In the sudden silence, he could hear Catherine's slow, shaking breath.

“No, you heard me right,” he said to George Flaherty, who was scratching his ear and looking puzzled. “We've got a precious place of peace and decency here, lads. So take your goddamned boots off the benches and put your hats aside. Do it!”

Across the room, hands slowly lifted to heads. Boots hesitantly lifted from benches, hitting the floorboards with dull thuds.

“'Cause we didn't come by this decency by accident,” Nick said. “And you don't get respect for free. So prize what you've got here, lads. Nod to your neighbor, and hold his eye like the proud man you are. Don't show
him less respect than you'd show a bloody toff. When you come into Neddie's to drink with your neighbors—sit straight, and take off your goddamned hats.”

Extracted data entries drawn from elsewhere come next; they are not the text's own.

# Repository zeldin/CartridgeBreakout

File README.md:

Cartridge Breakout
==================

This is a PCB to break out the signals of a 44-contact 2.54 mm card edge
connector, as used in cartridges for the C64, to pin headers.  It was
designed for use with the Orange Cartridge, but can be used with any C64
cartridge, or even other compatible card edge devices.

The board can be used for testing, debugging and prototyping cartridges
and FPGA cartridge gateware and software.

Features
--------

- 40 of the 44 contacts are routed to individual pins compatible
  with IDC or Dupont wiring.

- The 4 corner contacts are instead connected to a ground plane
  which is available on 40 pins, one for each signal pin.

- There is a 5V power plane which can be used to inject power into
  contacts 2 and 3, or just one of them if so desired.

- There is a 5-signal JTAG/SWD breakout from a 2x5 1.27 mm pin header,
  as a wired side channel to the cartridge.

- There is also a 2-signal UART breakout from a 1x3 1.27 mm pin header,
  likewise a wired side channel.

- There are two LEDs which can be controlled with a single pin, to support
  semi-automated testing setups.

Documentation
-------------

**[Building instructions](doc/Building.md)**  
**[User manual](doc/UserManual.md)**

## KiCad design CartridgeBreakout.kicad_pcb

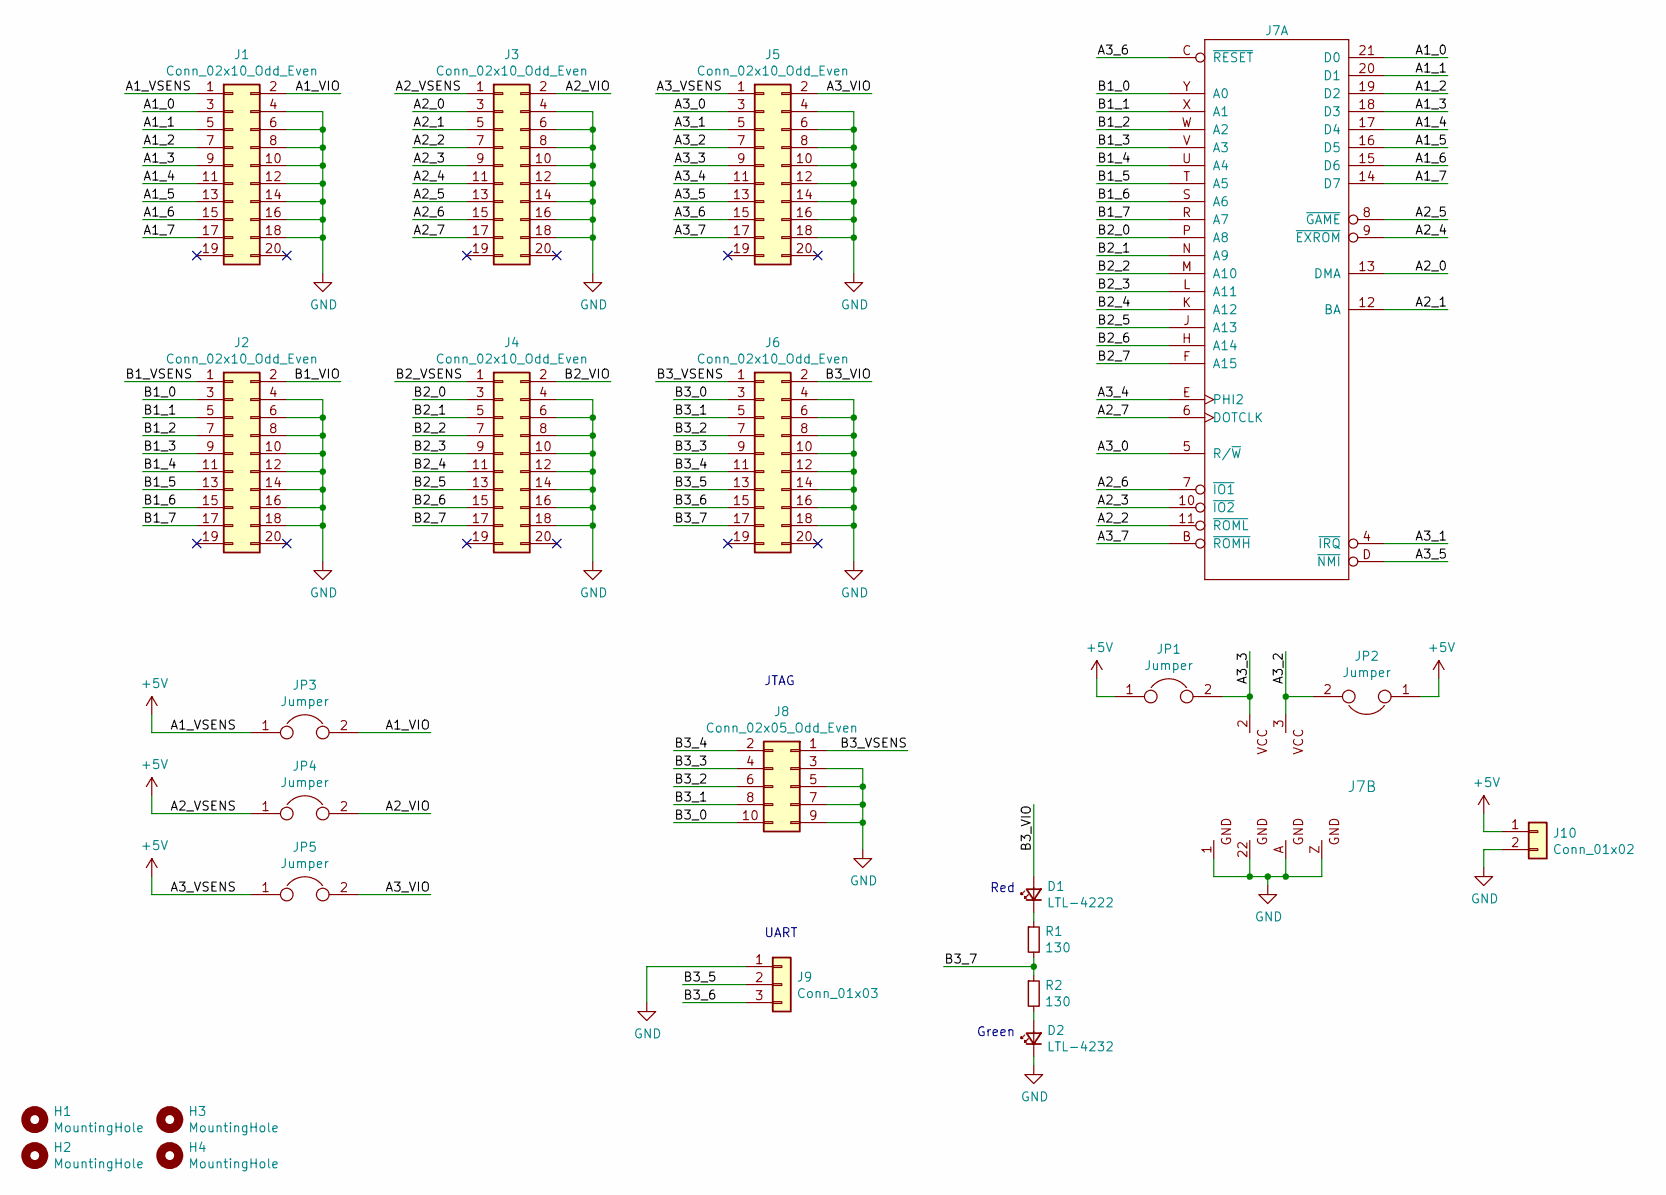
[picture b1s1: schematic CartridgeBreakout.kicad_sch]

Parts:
D1: LTL-4222; LED_D3.0mm; Mouser SKU 859-LTL-4222
D2: LTL-4232; LED_D3.0mm; Mouser SKU 859-LTL-4232
H1, H2, H3, H4: MountingHole; MountingHole_3.2mm_M3
J1, J2, J3, J4, J5, J6: Conn_02x10_Odd_Even; IDC-Header_2x10_P2.54mm_Vertical; Mouser SKU 538-87834-2019
J7: EXPANSION_PORT_C64_EDGE; TE_5530843-4; Mouser SKU 571-5530843-4
J8: Conn_02x05_Odd_Even; FTSH-105-XX-X-DV; Mouser SKU 200-FTSH10501FDVKTR
J9: Conn_01x03; PinHeader_1x03_P1.27mm_Vertical_SMD_Pin1Right; Mouser SKU 855-M50-3630342
J10: Conn_01x02; 284512-2; Mouser SKU 571-284512-2
JP1, JP2, JP3, JP4, JP5: Jumper; PinHeader_1x02_P2.54mm_Vertical; Mouser SKU 538-22-28-4023
R1, R2: 130; R_0603_1608Metric_Pad0.98x0.95mm_HandSolder; Mouser SKU 603-AC0603JR-07130RL

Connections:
+5V: J1.1, J3.1, J5.1, J10.1, JP1.1, JP2.1, JP3.1, JP4.1, JP5.1
/A1_0: J1.3, J7.21 (D0)
/A1_1: J1.5, J7.20 (D1)
/A1_2: J1.7, J7.19 (D2)
/A1_3: J1.9, J7.18 (D3)
/A1_4: J1.11, J7.17 (D4)
/A1_5: J1.13, J7.16 (D5)
/A1_6: J1.15, J7.15 (D6)
/A1_7: J1.17, J7.14 (D7)
/A1_VIO: J1.2, JP3.2
/A2_0: J3.3, J7.13 (DMA)
/A2_1: J3.5, J7.12 (BA)
/A2_2: J3.7, J7.11 (~ROML)
/A2_3: J3.9, J7.10 (~IO2)
/A2_4: J3.11, J7.9 (~EXROM)
/A2_5: J3.13, J7.8 (~GAME)
/A2_6: J3.15, J7.7 (~IO1)
/A2_7: J3.17, J7.6 (DOTCLK)
/A2_VIO: J3.2, JP4.2
/A3_0: J5.3, J7.5 (R/~W)
/A3_1: J5.5, J7.4 (~IRQ)
/A3_2: J5.7, J7.3 (VCC@1), JP2.2
/A3_3: J5.9, J7.2 (VCC), JP1.2
/A3_4: J5.11, J7.E (PHI2)
/A3_5: J5.13, J7.D (~NMI)
/A3_6: J5.15, J7.C (~RESET)
/A3_7: J5.17, J7.B (~ROMH)
/A3_VIO: J5.2, JP5.2
/B1_0: J2.3, J7.Y (A0)
/B1_1: J2.5, J7.X (A1)
/B1_2: J2.7, J7.W (A2)
/B1_3: J2.9, J7.V (A3)
/B1_4: J2.11, J7.U (A4)
/B1_5: J2.13, J7.T (A5)
/B1_6: J2.15, J7.S (A6)
/B1_7: J2.17, J7.R (A7)
/B1_VIO: J2.2
/B1_VSENS: J2.1
/B2_0: J4.3, J7.P (A8)
/B2_1: J4.5, J7.N (A9)
/B2_2: J4.7, J7.M (A10)
/B2_3: J4.9, J7.L (A11)
/B2_4: J4.11, J7.K (A12)
/B2_5: J4.13, J7.J (A13)
/B2_6: J4.15, J7.H (A14)
/B2_7: J4.17, J7.F (A15)
/B2_VIO: J4.2
/B2_VSENS: J4.1
/B3_0: J6.3, J8.10
/B3_1: J6.5, J8.8
/B3_2: J6.7, J8.6
/B3_3: J6.9, J8.4
/B3_4: J6.11, J8.2
/B3_5: J6.13, J9.2
/B3_6: J6.15, J9.3
/B3_7: J6.17, R1.2, R2.1
/B3_VIO: D1.2 (A), J6.2
/B3_VSENS: J6.1, J8.1
GND: D2.1 (K), J1.4, J1.6, J1.8, J1.10, J1.12, J1.14, J1.16, J1.18, J2.4, J2.6, J2.8, J2.10, J2.12, J2.14, J2.16, J2.18, J3.4, J3.6, J3.8, J3.10, J3.12, J3.14, J3.16, J3.18, J4.4, J4.6, J4.8, J4.10, J4.12, J4.14, J4.16, J4.18, J5.4, J5.6, J5.8, J5.10, J5.12, J5.14, J5.16, J5.18, J6.4, J6.6, J6.8, J6.10, J6.12, J6.14, J6.16, J6.18, J7.1 (GND), J7.22 (GND@1), J7.A (GND@2), J7.Z (GND@3), J8.3, J8.5, J8.7, J8.9, J9.1, J10.2
unnamed: D1.1 (K), R1.1
unnamed: D2.2 (A), R2.2

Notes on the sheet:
Green
Red
UART
JTAG

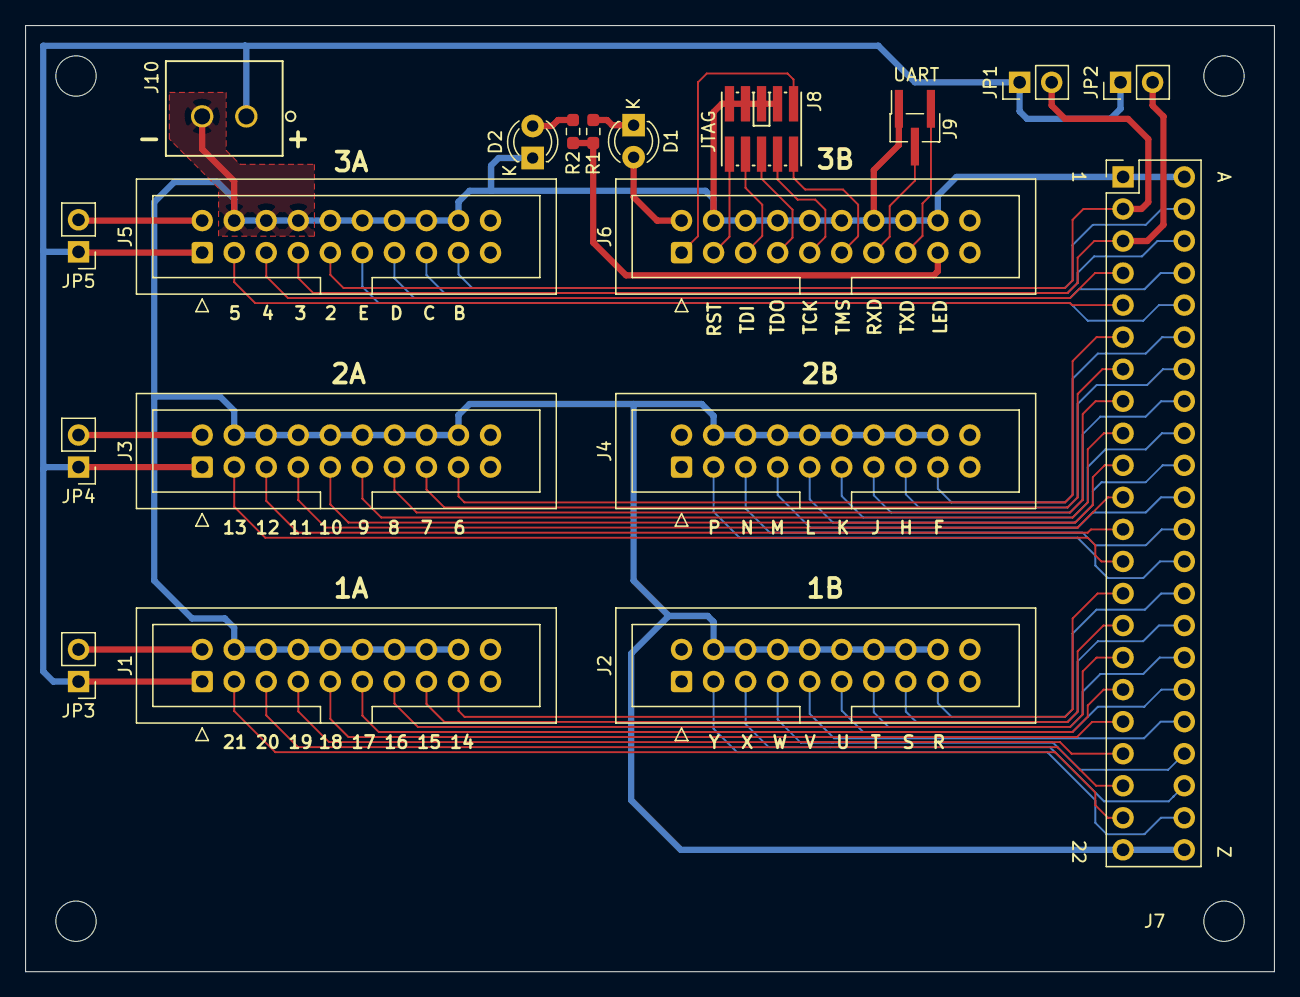
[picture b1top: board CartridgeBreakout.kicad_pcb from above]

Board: 2 copper layers, 99.0 x 75.0 mm, 23 parts (0 on the bottom side), 57 nets.

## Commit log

2022-02-03 Ignore FP info cache
2022-02-05 Add some documentation
2022-02-05 Add a permissive license
2022-02-05 Converted to KiCAD 6 format
2022-02-12 Add building instructions
2022-02-12 Replace STEP models with VRML
2022-02-13 Update rendered picture

That did it. All the hats came flying off now. Nick cast another narrow look around the room, nodded to a few men here and there, before retaking his seat.

“Well,” said his wife, looking very pale indeed. “That was . . . a bit too much foul language, but . . .”

Maybe he'd have made a fine schoolboy after all. His bloody heart was in his goddamned throat as he waited for the conclusion of her judgment.

“All the same, it was very effective.” She smiled at him, and his spirit burst loose, soared straight up into the rafters. “I almost pity the Board of Works.”